What needs to be done
Exactly transcribe the line that holds "#11268 = DIRECTION" and every remaining line of the records, up to and including the final one, with nothing else.

Input Start Marker

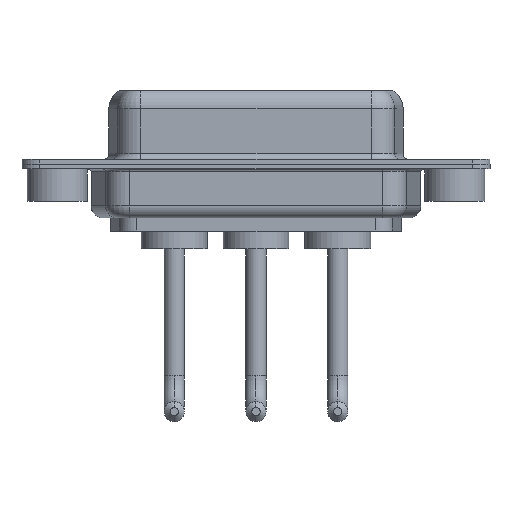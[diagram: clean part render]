
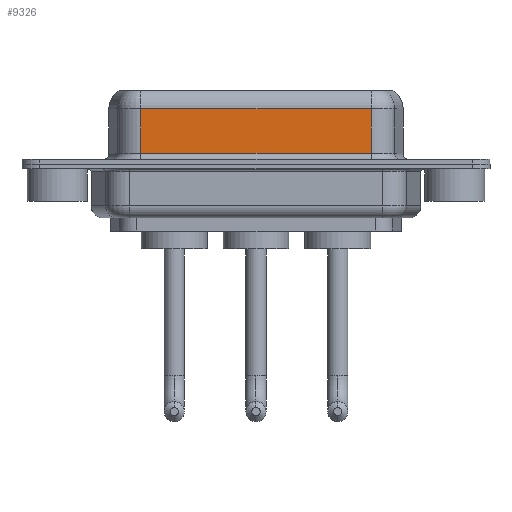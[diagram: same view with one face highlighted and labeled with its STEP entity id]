
A CAD part, front view. The second image highlights one B-rep face of the part: STEP entity #9326.
In plain terms, the highlighted planar face has unit normal (0, -1, 0).
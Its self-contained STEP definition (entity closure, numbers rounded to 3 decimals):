
#419 = DIRECTION ( 'NONE',  ( 0., 0., -1. ) ) ;
#805 = LINE ( 'NONE', #4467, #9854 ) ;
#922 = VERTEX_POINT ( 'NONE', #4525 ) ;
#1012 = EDGE_LOOP ( 'NONE', ( #11981, #1584, #7982, #5784 ) ) ;
#1584 = ORIENTED_EDGE ( 'NONE', *, *, #11011, .T. ) ;
#3373 = CARTESIAN_POINT ( 'NONE',  ( 26.287, -3.95, 4.65 ) ) ;
#4226 = PLANE ( 'NONE',  #7639 ) ;
#4403 = DIRECTION ( 'NONE',  ( 1., 0., 0. ) ) ;
#4467 = CARTESIAN_POINT ( 'NONE',  ( 26.287, -3.95, 0.9 ) ) ;
#4525 = CARTESIAN_POINT ( 'NONE',  ( 7.013, -3.95, 0.9 ) ) ;
#5095 = FACE_OUTER_BOUND ( 'NONE', #1012, .T. ) ;
#5125 = VECTOR ( 'NONE', #11268, 1000. ) ;
#5706 = CARTESIAN_POINT ( 'NONE',  ( 26.287, -3.95, 6.4 ) ) ;
#5784 = ORIENTED_EDGE ( 'NONE', *, *, #9429, .T. ) ;
#5828 = CARTESIAN_POINT ( 'NONE',  ( 26.287, -3.95, 4.65 ) ) ;
#6880 = CARTESIAN_POINT ( 'NONE',  ( 7.013, -3.95, 6.4 ) ) ;
#7639 = AXIS2_PLACEMENT_3D ( 'NONE', #9764, #10827, #8066 ) ;
#7683 = DIRECTION ( 'NONE',  ( 0., 0., -1. ) ) ;
#7982 = ORIENTED_EDGE ( 'NONE', *, *, #8007, .T. ) ;
#8007 = EDGE_CURVE ( 'NONE', #8822, #922, #11819, .T. ) ;
#8066 = DIRECTION ( 'NONE',  ( 0., 0., 1. ) ) ;
#8514 = LINE ( 'NONE', #5706, #12020 ) ;
#8540 = VERTEX_POINT ( 'NONE', #11232 ) ;
#8802 = VERTEX_POINT ( 'NONE', #3373 ) ;
#8822 = VERTEX_POINT ( 'NONE', #10966 ) ;
#9210 = VECTOR ( 'NONE', #419, 1000. ) ;
#9326 = ADVANCED_FACE ( 'NONE', ( #5095 ), #4226, .F. ) ;
#9429 = EDGE_CURVE ( 'NONE', #922, #8540, #805, .T. ) ;
#9764 = CARTESIAN_POINT ( 'NONE',  ( 26.287, -3.95, 6.4 ) ) ;
#9771 = EDGE_CURVE ( 'NONE', #8802, #8540, #8514, .T. ) ;
#9854 = VECTOR ( 'NONE', #4403, 1000. ) ;
#10573 = LINE ( 'NONE', #5828, #5125 ) ;
#10827 = DIRECTION ( 'NONE',  ( 0., 1., 0. ) ) ;
#10966 = CARTESIAN_POINT ( 'NONE',  ( 7.013, -3.95, 4.65 ) ) ;
#11011 = EDGE_CURVE ( 'NONE', #8802, #8822, #10573, .T. ) ;
#11232 = CARTESIAN_POINT ( 'NONE',  ( 26.287, -3.95, 0.9 ) ) ;
#11268 = DIRECTION ( 'NONE',  ( -1., 0., 0. ) ) ;
#11819 = LINE ( 'NONE', #6880, #9210 ) ;
#11981 = ORIENTED_EDGE ( 'NONE', *, *, #9771, .F. ) ;
#12020 = VECTOR ( 'NONE', #7683, 1000. ) ;

Input End Marker

Task answer
#11268 = DIRECTION ( 'NONE',  ( -1., 0., 0. ) ) ;
#11819 = LINE ( 'NONE', #6880, #9210 ) ;
#11981 = ORIENTED_EDGE ( 'NONE', *, *, #9771, .F. ) ;
#12020 = VECTOR ( 'NONE', #7683, 1000. ) ;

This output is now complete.